▸ **Exercise instructions**
Using the data beneath this instruction, retype only the lines from the one that contains "АКБ/1(CurSOC%) -> [SOC]" down to the one that contains "Three-Phase Programmable Voltage Source/RConn3", both included, exactly as they appear.

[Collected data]
==============================
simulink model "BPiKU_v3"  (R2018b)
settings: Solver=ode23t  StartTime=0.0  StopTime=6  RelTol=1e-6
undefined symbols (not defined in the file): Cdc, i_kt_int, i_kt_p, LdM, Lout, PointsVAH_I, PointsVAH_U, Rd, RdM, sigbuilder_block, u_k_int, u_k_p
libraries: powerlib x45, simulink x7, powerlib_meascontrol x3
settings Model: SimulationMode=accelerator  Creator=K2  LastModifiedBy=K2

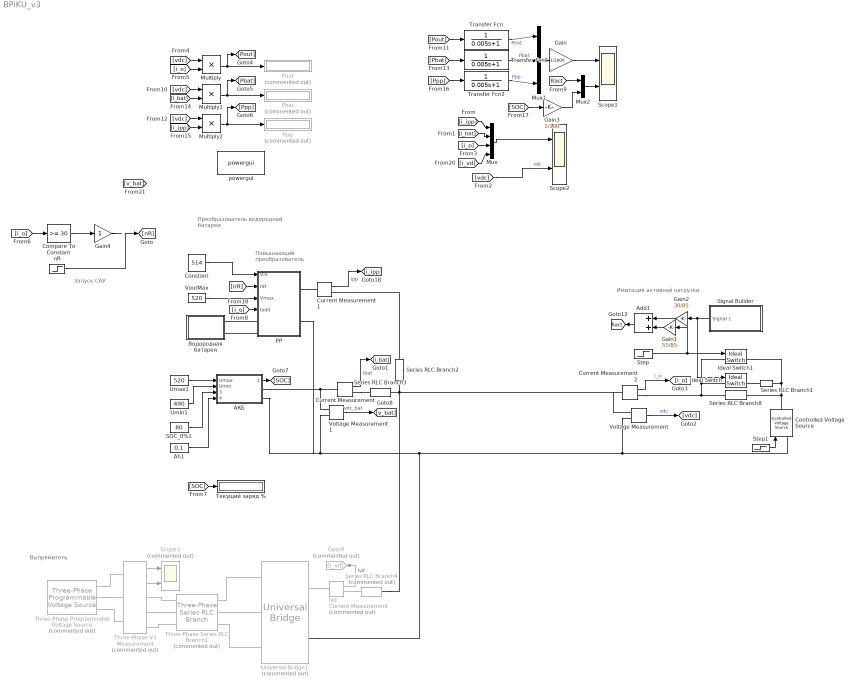
== system BPiKU_v3 ==
  note: Повышающий
      | преобразователь
  note: Имитация активной нагрузки
  note: Преобразователь водородной батареи
  note: Запуск САУ
  note: Выпрямитель
  Add1 : Sum
  Ah1 : Constant  Value=0.1
  Compare To Constant : simulink/Logic and Bit Operations/Compare To Constant  relop=>=  const=30  OutDataTypeStr=boolean
  Constant : Constant  Value=514
  Controlled Voltage Source : powerlib/Electrical Sources/Controlled Voltage Source  Initialize=on  Source_Type=AC  Amplitude=0  Phase=0  Frequency=0  Measurements=None
  Current Measurement : powerlib/Measurements/Current Measurement  PhasorSimulation=off  OutputType=Complex  PSBequivalent=0
  Current Measurement1 : powerlib/Measurements/Current Measurement  PhasorSimulation=off  OutputType=Complex  PSBequivalent=0
  Current Measurement2 : powerlib/Measurements/Current Measurement  PhasorSimulation=off  OutputType=Complex  PSBequivalent=0
  Gain : Gain  Gain=1/1000
  Gain1 : Gain  Gain=55/85
  Gain2 : Gain  Gain=30/85
  Gain3 : Gain  Gain=1/100
  Gain4 : Gain  OutDataTypeStr=double
  Goto9 : Goto  Commented=on  GotoTag=i_vd
  Ideal Switch : powerlib/Power Electronics/Ideal Switch  Ron=510*510/30000  Lon=0  IC=0  Rs=1e5  Cs=inf  Measurements=on
  Ideal Switch1 : powerlib/Power Electronics/Ideal Switch  Ron=550*550/45000  Lon=0  IC=0  Rs=1e5  Cs=inf  Measurements=on
  Multiply : Product
  Multiply1 : Product
  Multiply2 : Product
  Mux : Mux
  Mux1 : Mux  Inputs=3
  Mux2 : Mux  Inputs=2
  PP : Subsystem
  Pbat : Display  Commented=on
      settings: Format=bank
  Pout : Display  Commented=on
      settings: Format=bank
  Ppp : Display  Commented=on
      settings: Format=bank
  SOC_0%1 : Constant  Value=80
  Scope1 : Scope  NumInputPorts=2
  Scope2 : Scope  NumInputPorts=2
  Scope3 : Scope  Commented=on  NumInputPorts=2
  Series RLC Branch1 : powerlib/Elements/Series RLC Branch  LConnTagsString=__new0  RConnTagsString=__new0  BranchType=L  Resistance=550/130  Inductance=10e-3  SetiL0=off  InitialCurrent=0  Capacitance=1000e-6  Setx0=off  InitialVoltage=0  Measurements=None
  Series RLC Branch2 : powerlib/Elements/Series RLC Branch  LConnTagsString=__new0  RConnTagsString=__new0  BranchType=R  Resistance=0.01  Inductance=10e-6  SetiL0=off  InitialCurrent=0  Capacitance=1000e-6  Setx0=off  InitialVoltage=0  Measurements=None
  Series RLC Branch3 : powerlib/Elements/Series RLC Branch  LConnTagsString=__new0  RConnTagsString=__new0  BranchType=R  Resistance=0.01  Inductance=10e-6  SetiL0=off  InitialCurrent=0  Capacitance=1000e-6  Setx0=off  InitialVoltage=0  Measurements=None
  Series RLC Branch4 : powerlib/Elements/Series RLC Branch  Commented=on  LConnTagsString=__new0  RConnTagsString=__new0  BranchType=R  Resistance=0.01  Inductance=10e-6  SetiL0=off  InitialCurrent=0  Capacitance=1000e-6  Setx0=off  InitialVoltage=0  Measurements=None
  Series RLC Branch8 : powerlib/Elements/Series RLC Branch  LConnTagsString=__new0  RConnTagsString=__new0  BranchType=Open circuit  Resistance=550/130  Inductance=10e-6  SetiL0=off  InitialCurrent=0  Capacitance=1000e-6  Setx0=off  InitialVoltage=0  Measurements=None
  Signal Builder : Subsystem  Tag=STV Subsys  LoadFcn=sigbuilder_block('load');  StartFcn=sigbuilder_block('start');  StopFcn=sigbuilder_block('stop');  ClipboardFcn=sigbuilder_block('clipboard');  mask(Sigbuilder block){tuvar=[0:10]}
      mask help: Simulink:masks:SigbuilderBlock_MD
      mask init:
      | if ~strcmp(get_param(bdroot(gcbh),'SimulationStatus'),'stopped') tuvar = sigbuilder_block('maskInit'); end
      settings: CopyFcn=sigbuilder_block('copy');  DeleteFcn=sigbuilder_block('delete');  ModelCloseFcn=sigbuilder_block('modelClose');  PreSaveFcn=sigbuilder_block('preSave');  PauseFcn=sigbuilder_block('pause');  ContinueFcn=sigbuilder_block('continue');  NameChangeFcn=sigbuilder_block('namechange');  OpenFcn=sigbuilder_block('open',[193.5 84.75 550.5 399.75 ]);  CloseFcn=sigbuilder_block('close');
      mask Display: plot(0, 0, 100, 100,[2, 2, 32, 32, 2], [68, 8, 8, 68, 68],[32, 2], [38, 38], [32, 19, 2],[53, 60, 44], [32, 17, 17, 2],[16, 16, 31, 31]);txt = getActiveGroup(gcbh);text(2, 100, txt,'verticalAlignment', 'top');
  Step : Step  Time=4  SampleTime=0
  Step1 : Step  Time=3.5  After=800*0  SampleTime=0
  Three-Phase Programmable Voltage Source : powerlib/Electrical Sources/Three-Phase Programmable Voltage Source  Commented=on  PositiveSequence="[400  0 50]"  VariationEntity=None  VariationType=Table of time-amplitude pairs  VariationTypeAlt=Step  VariationStep=0.5  VariationRate=10  VariationMagnitude=0.3  VariationFrequency=2  VariationTiming=[1 2]  VariationPhaseA=off  Amplitudes=[1 0.8 1.2 1.0]  TimeValues=[0 0.1 0.15 0.2]  HarmonicGeneration=off  HarmonicA=[3 0.2 -25 0]  HarmonicB=[2 0.15 35 2]  Timing="[0.05  3]"  BusType=swing  Pref=0  Qref=0  Qmin=-inf  Qmax=inf
  Three-Phase Series RLC Branch1 : powerlib/Elements/Three-Phase Series RLC Branch  Commented=on  LConnTagsString=A|B|C  RConnTagsString=A|B|C  BranchType=RL  Resistance=0.001  Inductance=250e-6  Capacitance=105e-6  Measurements=None
  Three-Phase V-I Measurement : powerlib/Measurements/Three-Phase V-I Measurement  Commented=on  VoltageMeasurement=phase-to-phase  SetLabelV=off  LabelV=Vabc  Vpu=off  VpuLL=off  CurrentMeasurement=yes  SetLabelI=off  LabelI=Iabc  Ipu=off  Pbase=100e6  Vbase=500e3  OutputType=Complex  PhasorSimulation=off  PSBequivalent=0
  Transfer Fcn : TransferFcn  Denominator=[0.005 1]
  Transfer Fcn1 : TransferFcn  Denominator=[0.005 1]
  Transfer Fcn2 : TransferFcn  Denominator=[0.005 1]
  Umax1 : Constant  Value=520
  Umin1 : Constant  Value=490
  Universal Bridge1 : powerlib/Power Electronics/Universal Bridge  Commented=on  Arms=3  SnubberResistance=1e5  SnubberCapacitance=inf  Device=Diodes  Ron=1e-3  Lon=0  ForwardVoltages="[  0  0  ]"  ForwardVoltage=0  GTOparameters=[ 10e-6 , 20e-6 ]  IGBTparameters=[ 1e-6 , 2e-6 ]  Measurements=None  Measurements_2=None  converterType=Rectifier
  Voltage Measurement : powerlib/Measurements/Voltage Measurement  PhasorSimulation=off  OutputType=Complex  PSBequivalent=0
  Voltage Measurement1 : powerlib/Measurements/Voltage Measurement  PhasorSimulation=off  OutputType=Complex  PSBequivalent=0
  VoutMax : Constant  Value=520  SampleTime=0
  ivd : powerlib/Measurements/Current Measurement  Commented=on  PhasorSimulation=off  OutputType=Complex  PSBequivalent=0
  nR : Step  Time=0  SampleTime=1.5/freq/2
  powergui : powerlib/powergui  Priority=1  SimulationMode=Discrete  SampleTime=1e-6  frequency=60  Iterations=50  frequencyindice=0  Pbase=100e6  ErrMax=1e-4  UnitsV=kV  UnitsW=MW  buscounter=0  FunctionMessages=off  echomessages=off  EnableUseOfTLC=off  CurrentSourceSwitches=off  DisableSnubberDevices=off  DisableRonSwitches=off  DisableVfSwitches=off  DisplayEquations=off  SolverType=Tustin  Interpol=off  ExternalGateDelay=off  methode=off  Ts=100  x0status=blocks  SPID=off  SwTol=0  HookPort=off  RestoreLinks=warning  ResistiveCurrentMeasurement=off  Frange=[0:2:500]  Ylog=off  Xlog=on  ShowGrid=off  save=off  variable=ZData  structure=0  ZoomFFT=off  StartTime=0.0  cycles=1  DisplayStyle=1  fundamental=60  FreqAxis=off  MaxFrequency=1000  frequencyindicesteady=1  RmsSteady=1  display=off
  АКБ : Subsystem
  Водородная батарея : Subsystem
  Текущий заряд % : Display
      settings: Format=bank
  tag scope: Ract=global
  wires:
  Signal Builder/1(Signal 1) -> Gain2/1, Ideal Switch/1
  VoutMax/1 -> PP/3(Vmax)
  [nR] -> PP/2(nR)
  Current Measurement1/1 -> [i_ipp]  "ipp"
  [vdc] -> Scope2/2  "vdc"
  Mux/1 -> Scope2/1
  [i_ipp] -> Mux/1
  Current Measurement/1 -> [i_bat]  "ibat"
  [i_bat] -> Mux/2
  Voltage Measurement/1 -> [vdc]  "vdc"
  Current Measurement2/1 -> [i_o]  "i_o"
  [i_o] -> Mux/3
  [vdc] -> Multiply/1
  [i_o] -> Multiply/2
  Multiply/1 -> [Pout], Pout/1
  Step/1 -> Ideal Switch1/1, Gain1/1
  [Ppp] -> Transfer Fcn2/1
  [Pbat] -> Transfer Fcn1/1
  [Pout] -> Transfer Fcn/1
  [vdc] -> Multiply1/1
  [i_bat] -> Multiply1/2
  [i_ipp] -> Multiply2/2
  [vdc] -> Multiply2/1
  Multiply1/1 -> [Pbat], Pbat/1
  Multiply2/1 -> [Ppp], Ppp/1
  Transfer Fcn/1 -> Mux1/1  "Pout"
  Transfer Fcn1/1 -> Mux1/2  "Pbat"
  Transfer Fcn2/1 -> Mux1/3  "Ppp"
  АКБ/1(CurSOC%) -> [SOC]
  [SOC] -> Текущий заряд %/1
  Constant/1 -> PP/1(Vin)
  Mux1/1 -> Gain/1
  [Ract] -> Mux2/1
  Gain/1 -> Scope1/1
  Add1/1 -> [Ract]
  Gain1/1 -> Add1/2
  Gain2/1 -> Add1/1
  Mux2/1 -> Scope1/2
  [SOC] -> Gain3/1
  Gain3/1 -> Mux2/2
  Compare To Constant/1 -> Gain4/1
  Three-Phase V-I Measurement/2 -> Scope3/2
  Three-Phase V-I Measurement/1 -> Scope3/1
  ivd/1 -> Goto9/1  "ivd"
  [i_vd] -> Mux/4
  Step1/1 -> Controlled Voltage Source/1
  SOC_0%1/1 -> АКБ/3(InitSOC%)
  Umax1/1 -> АКБ/1(Umax)
  Ah1/1 -> АКБ/4(CapMaxAh)
  Umin1/1 -> АКБ/2(Umin)
  [i_o] -> Compare To Constant/1
  nR/1 -> [nR]
  Gain4/1 -> ?
  [i_o] -> PP/4(Iadd)
  Voltage Measurement1/1 -> [v_bat]  "vdc_bat"
  connections:
  Ideal Switch/RConn1 -- Series RLC Branch1/LConn1
  PP/LConn2 -- Водородная батарея/RConn2
  PP/LConn1 -- Водородная батарея/RConn1
  PP/RConn1 -- Current Measurement1/LConn1
  Series RLC Branch8/LConn1 -- Current Measurement2/RConn1 -- Ideal Switch/LConn1 -- Ideal Switch1/LConn1
  Series RLC Branch2/LConn1 -- Current Measurement1/RConn1
  Current Measurement/RConn1 -- Series RLC Branch3/RConn1
  Voltage Measurement/LConn2 -- Voltage Measurement1/LConn2 -- PP/RConn2 -- АКБ/RConn2 -- Universal Bridge1/RConn2 -- Controlled Voltage Source/LConn1
  Universal Bridge1/LConn3 -- Three-Phase Series RLC Branch1/RConn3
  Three-Phase Series RLC Branch1/RConn2 -- Universal Bridge1/LConn2
  Three-Phase Programmable Voltage Source/RConn2 -- Three-Phase V-I Measurement/LConn2
  Three-Phase Programmable Voltage Source/RConn3 -- Three-Phase V-I Measurement/LConn3
  Universal Bridge1/LConn1 -- Three-Phase Series RLC Branch1/RConn1
  Three-Phase Programmable Voltage Source/RConn1 -- Three-Phase V-I Measurement/LConn1
  ivd/LConn1 -- Universal Bridge1/RConn1
  Series RLC Branch4/RConn1 -- ivd/RConn1
  Series RLC Branch3/LConn1 -- Current Measurement2/LConn1 -- Voltage Measurement/LConn1 -- Series RLC Branch4/LConn1 -- Series RLC Branch2/RConn1
  Three-Phase Series RLC Branch1/LConn3 -- Three-Phase V-I Measurement/RConn3
  Three-Phase Series RLC Branch1/LConn2 -- Three-Phase V-I Measurement/RConn2
  Three-Phase Series RLC Branch1/LConn1 -- Three-Phase V-I Measurement/RConn1
  Ideal Switch1/RConn1 -- Series RLC Branch1/RConn1 -- Series RLC Branch8/RConn1 -- Controlled Voltage Source/RConn1
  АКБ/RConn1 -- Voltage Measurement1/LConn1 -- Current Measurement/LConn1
==============================
▸ **Answer for this exercise**
  АКБ/1(CurSOC%) -> [SOC]
  [SOC] -> Текущий заряд %/1
  Constant/1 -> PP/1(Vin)
  Mux1/1 -> Gain/1
  [Ract] -> Mux2/1
  Gain/1 -> Scope1/1
  Add1/1 -> [Ract]
  Gain1/1 -> Add1/2
  Gain2/1 -> Add1/1
  Mux2/1 -> Scope1/2
  [SOC] -> Gain3/1
  Gain3/1 -> Mux2/2
  Compare To Constant/1 -> Gain4/1
  Three-Phase V-I Measurement/2 -> Scope3/2
  Three-Phase V-I Measurement/1 -> Scope3/1
  ivd/1 -> Goto9/1  "ivd"
  [i_vd] -> Mux/4
  Step1/1 -> Controlled Voltage Source/1
  SOC_0%1/1 -> АКБ/3(InitSOC%)
  Umax1/1 -> АКБ/1(Umax)
  Ah1/1 -> АКБ/4(CapMaxAh)
  Umin1/1 -> АКБ/2(Umin)
  [i_o] -> Compare To Constant/1
  nR/1 -> [nR]
  Gain4/1 -> ?
  [i_o] -> PP/4(Iadd)
  Voltage Measurement1/1 -> [v_bat]  "vdc_bat"
  connections:
  Ideal Switch/RConn1 -- Series RLC Branch1/LConn1
  PP/LConn2 -- Водородная батарея/RConn2
  PP/LConn1 -- Водородная батарея/RConn1
  PP/RConn1 -- Current Measurement1/LConn1
  Series RLC Branch8/LConn1 -- Current Measurement2/RConn1 -- Ideal Switch/LConn1 -- Ideal Switch1/LConn1
  Series RLC Branch2/LConn1 -- Current Measurement1/RConn1
  Current Measurement/RConn1 -- Series RLC Branch3/RConn1
  Voltage Measurement/LConn2 -- Voltage Measurement1/LConn2 -- PP/RConn2 -- АКБ/RConn2 -- Universal Bridge1/RConn2 -- Controlled Voltage Source/LConn1
  Universal Bridge1/LConn3 -- Three-Phase Series RLC Branch1/RConn3
  Three-Phase Series RLC Branch1/RConn2 -- Universal Bridge1/LConn2
  Three-Phase Programmable Voltage Source/RConn2 -- Three-Phase V-I Measurement/LConn2
  Three-Phase Programmable Voltage Source/RConn3 -- Three-Phase V-I Measurement/LConn3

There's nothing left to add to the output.